Platforms like these give decentralized finance a bad name—which, let’s face it, takes some doing in 2025. The irony? Most victims probably thought they were ’early’ while watching their bags turn to vapor. Some things never change—except your portfolio balance, downward.

Chart showing Pump.fun volume (Solidus Labs)

The largest rug pull Solidus Labs identified over the time period was worth $1.9 million and was related to MToken.

Whilst the crypto industry has progressed and moved on following the spectacular implosion of FTX, hacks and scams are still rife with bad actors embezzling millions of dollars worth of assets by capitalizing on retail greed.

The memecoin sector is the greatest example of that, with 10s of thousands of bogus tokens being created every day.
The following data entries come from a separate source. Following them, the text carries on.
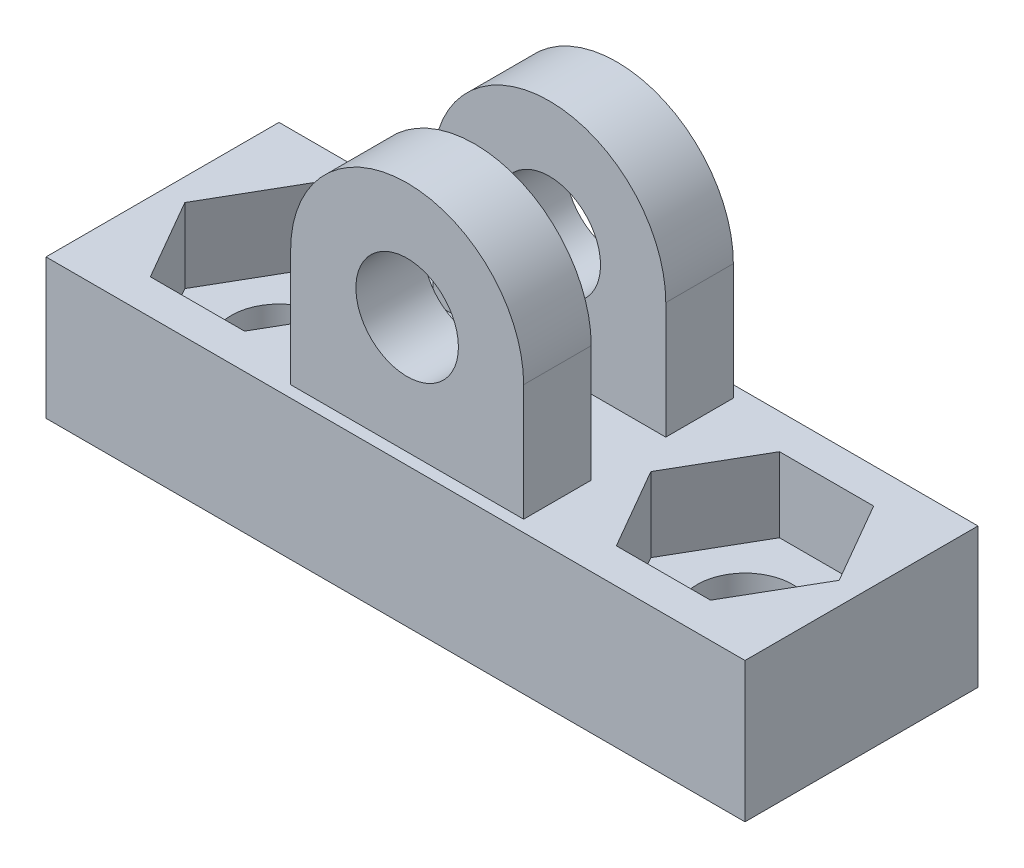
ISO-10303-21;
HEADER;
FILE_DESCRIPTION(('STEP AP214'),'2;1');
FILE_NAME('part.step','',(''),(''),'','','');
FILE_SCHEMA(('AUTOMOTIVE_DESIGN { 1 0 10303 214 1 1 1 1 }'));
ENDSEC;
DATA;
#1=APPLICATION_CONTEXT('core data for automotive mechanical design processes');
#2=APPLICATION_PROTOCOL_DEFINITION('international standard','automotive_design',2000,#1);
#3=PRODUCT_CONTEXT('',#1,'mechanical');
#4=PRODUCT('Part','Part','',(#3));
#5=PRODUCT_RELATED_PRODUCT_CATEGORY('part','',(#4));
#6=PRODUCT_DEFINITION_FORMATION('','',#4);
#7=PRODUCT_DEFINITION_CONTEXT('part definition',#1,'design');
#8=PRODUCT_DEFINITION('design','',#6,#7);
#9=PRODUCT_DEFINITION_SHAPE('','',#8);
#10=(LENGTH_UNIT() NAMED_UNIT(*) SI_UNIT(.MILLI.,.METRE.));
#11=(NAMED_UNIT(*) PLANE_ANGLE_UNIT() SI_UNIT($,.RADIAN.));
#12=(NAMED_UNIT(*) SI_UNIT($,.STERADIAN.) SOLID_ANGLE_UNIT());
#13=UNCERTAINTY_MEASURE_WITH_UNIT(LENGTH_MEASURE(1.E-05),#10,'distance_accuracy_value','');
#14=(GEOMETRIC_REPRESENTATION_CONTEXT(3) GLOBAL_UNCERTAINTY_ASSIGNED_CONTEXT((#13)) GLOBAL_UNIT_ASSIGNED_CONTEXT((#10,
#11,#12)) REPRESENTATION_CONTEXT('',''));
#15=CARTESIAN_POINT('',(0.,0.,0.));
#16=DIRECTION('',(0.,0.,1.));
#17=DIRECTION('',(1.,0.,0.));
#18=AXIS2_PLACEMENT_3D('',#15,#16,#17);
#19=CARTESIAN_POINT('',(15.,6.,4.5));
#20=DIRECTION('',(-1.,0.,0.));
#21=DIRECTION('',(0.,-1.,0.));
#22=AXIS2_PLACEMENT_3D('',#19,#20,#21);
#23=PLANE('',#22);
#24=DIRECTION('',(0.,1.,0.));
#25=VECTOR('',#24,1.);
#26=CARTESIAN_POINT('',(15.,6.,-1.6));
#27=LINE('',#26,#25);
#28=CARTESIAN_POINT('',(15.,6.,-1.6));
#29=VERTEX_POINT('',#28);
#30=CARTESIAN_POINT('',(15.,11.,-1.6));
#31=VERTEX_POINT('',#30);
#32=EDGE_CURVE('E441',#29,#31,#27,.T.);
#33=ORIENTED_EDGE('',*,*,#32,.F.);
#34=DIRECTION('',(0.,0.,-1.));
#35=VECTOR('',#34,1.);
#36=CARTESIAN_POINT('',(15.,6.,4.5));
#37=LINE('',#36,#35);
#38=CARTESIAN_POINT('',(15.,6.,-4.5));
#39=VERTEX_POINT('',#38);
#40=EDGE_CURVE('E229',#29,#39,#37,.T.);
#41=ORIENTED_EDGE('',*,*,#40,.T.);
#42=DIRECTION('',(0.,1.,0.));
#43=VECTOR('',#42,1.);
#44=CARTESIAN_POINT('',(15.,6.,-4.5));
#45=LINE('',#44,#43);
#46=CARTESIAN_POINT('',(15.,11.,-4.5));
#47=VERTEX_POINT('',#46);
#48=EDGE_CURVE('E470',#39,#47,#45,.T.);
#49=ORIENTED_EDGE('',*,*,#48,.T.);
#50=DIRECTION('',(0.,0.,-1.));
#51=VECTOR('',#50,1.);
#52=CARTESIAN_POINT('',(15.,11.,4.5));
#53=LINE('',#52,#51);
#54=EDGE_CURVE('E486',#31,#47,#53,.T.);
#55=ORIENTED_EDGE('',*,*,#54,.F.);
#56=EDGE_LOOP('',(#33,#41,#49,#55));
#57=FACE_BOUND('',#56,.T.);
#58=ADVANCED_FACE('F45',(#57),#23,.F.);
#59=CARTESIAN_POINT('',(10.,11.,4.5));
#60=DIRECTION('',(0.,0.,-1.));
#61=DIRECTION('',(-1.,0.,0.));
#62=AXIS2_PLACEMENT_3D('',#59,#60,#61);
#63=CYLINDRICAL_SURFACE('',#62,5.);
#64=CARTESIAN_POINT('',(10.,11.,-1.6));
#65=DIRECTION('',(0.,0.,1.));
#66=DIRECTION('',(1.,0.,0.));
#67=AXIS2_PLACEMENT_3D('',#64,#65,#66);
#68=CIRCLE('',#67,5.);
#69=CARTESIAN_POINT('',(5.,11.,-1.6));
#70=VERTEX_POINT('',#69);
#71=EDGE_CURVE('E438',#31,#70,#68,.T.);
#72=ORIENTED_EDGE('',*,*,#71,.F.);
#73=ORIENTED_EDGE('',*,*,#54,.T.);
#74=CARTESIAN_POINT('',(10.,11.,-4.5));
#75=DIRECTION('',(0.,0.,1.));
#76=DIRECTION('',(1.,0.,0.));
#77=AXIS2_PLACEMENT_3D('',#74,#75,#76);
#78=CIRCLE('',#77,5.);
#79=CARTESIAN_POINT('',(5.,11.,-4.5));
#80=VERTEX_POINT('',#79);
#81=EDGE_CURVE('E474',#47,#80,#78,.T.);
#82=ORIENTED_EDGE('',*,*,#81,.T.);
#83=DIRECTION('',(0.,0.,-1.));
#84=VECTOR('',#83,1.);
#85=CARTESIAN_POINT('',(5.,11.,4.5));
#86=LINE('',#85,#84);
#87=EDGE_CURVE('E482',#70,#80,#86,.T.);
#88=ORIENTED_EDGE('',*,*,#87,.F.);
#89=EDGE_LOOP('',(#72,#73,#82,#88));
#90=FACE_BOUND('',#89,.T.);
#91=ADVANCED_FACE('F502',(#90),#63,.T.);
#92=CARTESIAN_POINT('',(5.,6.,4.5));
#93=DIRECTION('',(1.,0.,0.));
#94=DIRECTION('',(0.,0.,-1.));
#95=AXIS2_PLACEMENT_3D('',#92,#93,#94);
#96=PLANE('',#95);
#97=DIRECTION('',(0.,-1.,0.));
#98=VECTOR('',#97,1.);
#99=CARTESIAN_POINT('',(5.,6.,-1.6));
#100=LINE('',#99,#98);
#101=CARTESIAN_POINT('',(5.,6.,-1.6));
#102=VERTEX_POINT('',#101);
#103=EDGE_CURVE('E435',#70,#102,#100,.T.);
#104=ORIENTED_EDGE('',*,*,#103,.F.);
#105=ORIENTED_EDGE('',*,*,#87,.T.);
#106=DIRECTION('',(0.,-1.,0.));
#107=VECTOR('',#106,1.);
#108=CARTESIAN_POINT('',(5.,6.,-4.5));
#109=LINE('',#108,#107);
#110=CARTESIAN_POINT('',(5.,6.,-4.5));
#111=VERTEX_POINT('',#110);
#112=EDGE_CURVE('E456',#80,#111,#109,.T.);
#113=ORIENTED_EDGE('',*,*,#112,.T.);
#114=DIRECTION('',(0.,0.,-1.));
#115=VECTOR('',#114,1.);
#116=CARTESIAN_POINT('',(5.,6.,4.5));
#117=LINE('',#116,#115);
#118=EDGE_CURVE('E466',#102,#111,#117,.T.);
#119=ORIENTED_EDGE('',*,*,#118,.F.);
#120=EDGE_LOOP('',(#104,#105,#113,#119));
#121=FACE_BOUND('',#120,.T.);
#122=ADVANCED_FACE('F495',(#121),#96,.F.);
#123=CARTESIAN_POINT('',(10.,11.,4.5));
#124=DIRECTION('',(0.,0.,-1.));
#125=DIRECTION('',(-1.,0.,0.));
#126=AXIS2_PLACEMENT_3D('',#123,#124,#125);
#127=CYLINDRICAL_SURFACE('',#126,2.20000000000086);
#128=CARTESIAN_POINT('',(10.,11.,-4.5));
#129=DIRECTION('',(0.,0.,1.));
#130=DIRECTION('',(1.,0.,0.));
#131=AXIS2_PLACEMENT_3D('',#128,#129,#130);
#132=CIRCLE('',#131,2.20000000000086);
#133=CARTESIAN_POINT('',(12.2000000000009,11.,-4.5));
#134=VERTEX_POINT('',#133);
#135=EDGE_CURVE('E444',#134,#134,#132,.T.);
#136=ORIENTED_EDGE('',*,*,#135,.F.);
#137=EDGE_LOOP('',(#136));
#138=FACE_BOUND('',#137,.T.);
#139=CARTESIAN_POINT('',(10.,11.,-1.6));
#140=DIRECTION('',(0.,0.,1.));
#141=DIRECTION('',(1.,0.,0.));
#142=AXIS2_PLACEMENT_3D('',#139,#140,#141);
#143=CIRCLE('',#142,2.20000000000086);
#144=CARTESIAN_POINT('',(12.2000000000009,11.,-1.6));
#145=VERTEX_POINT('',#144);
#146=EDGE_CURVE('E49',#145,#145,#143,.T.);
#147=ORIENTED_EDGE('',*,*,#146,.T.);
#148=EDGE_LOOP('',(#147));
#149=FACE_BOUND('',#148,.T.);
#150=ADVANCED_FACE('F516',(#138,#149),#127,.F.);
#151=CARTESIAN_POINT('',(0.,6.,0.));
#152=DIRECTION('',(0.,-1.,0.));
#153=DIRECTION('',(0.,0.,-1.));
#154=AXIS2_PLACEMENT_3D('',#151,#152,#153);
#155=PLANE('',#154);
#156=ORIENTED_EDGE('',*,*,#40,.F.);
#157=DIRECTION('',(1.,0.,0.));
#158=VECTOR('',#157,1.);
#159=CARTESIAN_POINT('',(20.0691974439735,6.,-1.6));
#160=LINE('',#159,#158);
#161=EDGE_CURVE('E222',#102,#29,#160,.T.);
#162=ORIENTED_EDGE('',*,*,#161,.F.);
#163=ORIENTED_EDGE('',*,*,#118,.T.);
#164=DIRECTION('',(1.,0.,0.));
#165=VECTOR('',#164,1.);
#166=CARTESIAN_POINT('',(15.,6.,-4.5));
#167=LINE('',#166,#165);
#168=EDGE_CURVE('E449',#111,#39,#167,.T.);
#169=ORIENTED_EDGE('',*,*,#168,.T.);
#170=EDGE_LOOP('',(#156,#162,#163,#169));
#171=FACE_BOUND('',#170,.T.);
#172=DIRECTION('',(-1.,0.,0.));
#173=VECTOR('',#172,1.);
#174=CARTESIAN_POINT('',(2.02072594216369,6.,-3.5));
#175=LINE('',#174,#173);
#176=CARTESIAN_POINT('',(2.02072594216369,6.,-3.5));
#177=VERTEX_POINT('',#176);
#178=CARTESIAN_POINT('',(-2.02072594216369,6.,-3.5));
#179=VERTEX_POINT('',#178);
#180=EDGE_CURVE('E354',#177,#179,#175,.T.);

The hype around memecoin reached a crescendo in January when U.S. President Donal TRUMP touted his own TRUMP memecoin on social media. Shortly after the U.S. First Lady Melania Trump promoted MELANIA, both tokens are now down by 87% and 97% respectively, with a cabal of insiders reportedly profiting more than $100 million by buying the token before it was publicly available.

Meanwhile, on decentralized exchange Raydium, Solidus Labs found that 93% of liquidity pools (361,000 pools) exhibited soft rug pull characteristics, with the median rug pulls worth $2.8K.

In February, a Merkle Science report revealed that $500 million had been lost to rug pulls and scams in 2024.

Solana has emerged as a popular blockchain among criminals and scammers. Its near-zero fees and instant execution make it easy to deploy tokens and extract value.

Regulators are keeping a watchful eye over the sector. In March, the SEC set up a Cyber and Emerging Technologies unit designed to “root out those seeking to misuse innovation to harm investors and diminish confidence in new technologies.”

The regulator filed a class action lawsuit against Meteora in April, naming individuals associated with the M3M3 meme coin, alleging that they were responsible for a $69 million rug pull.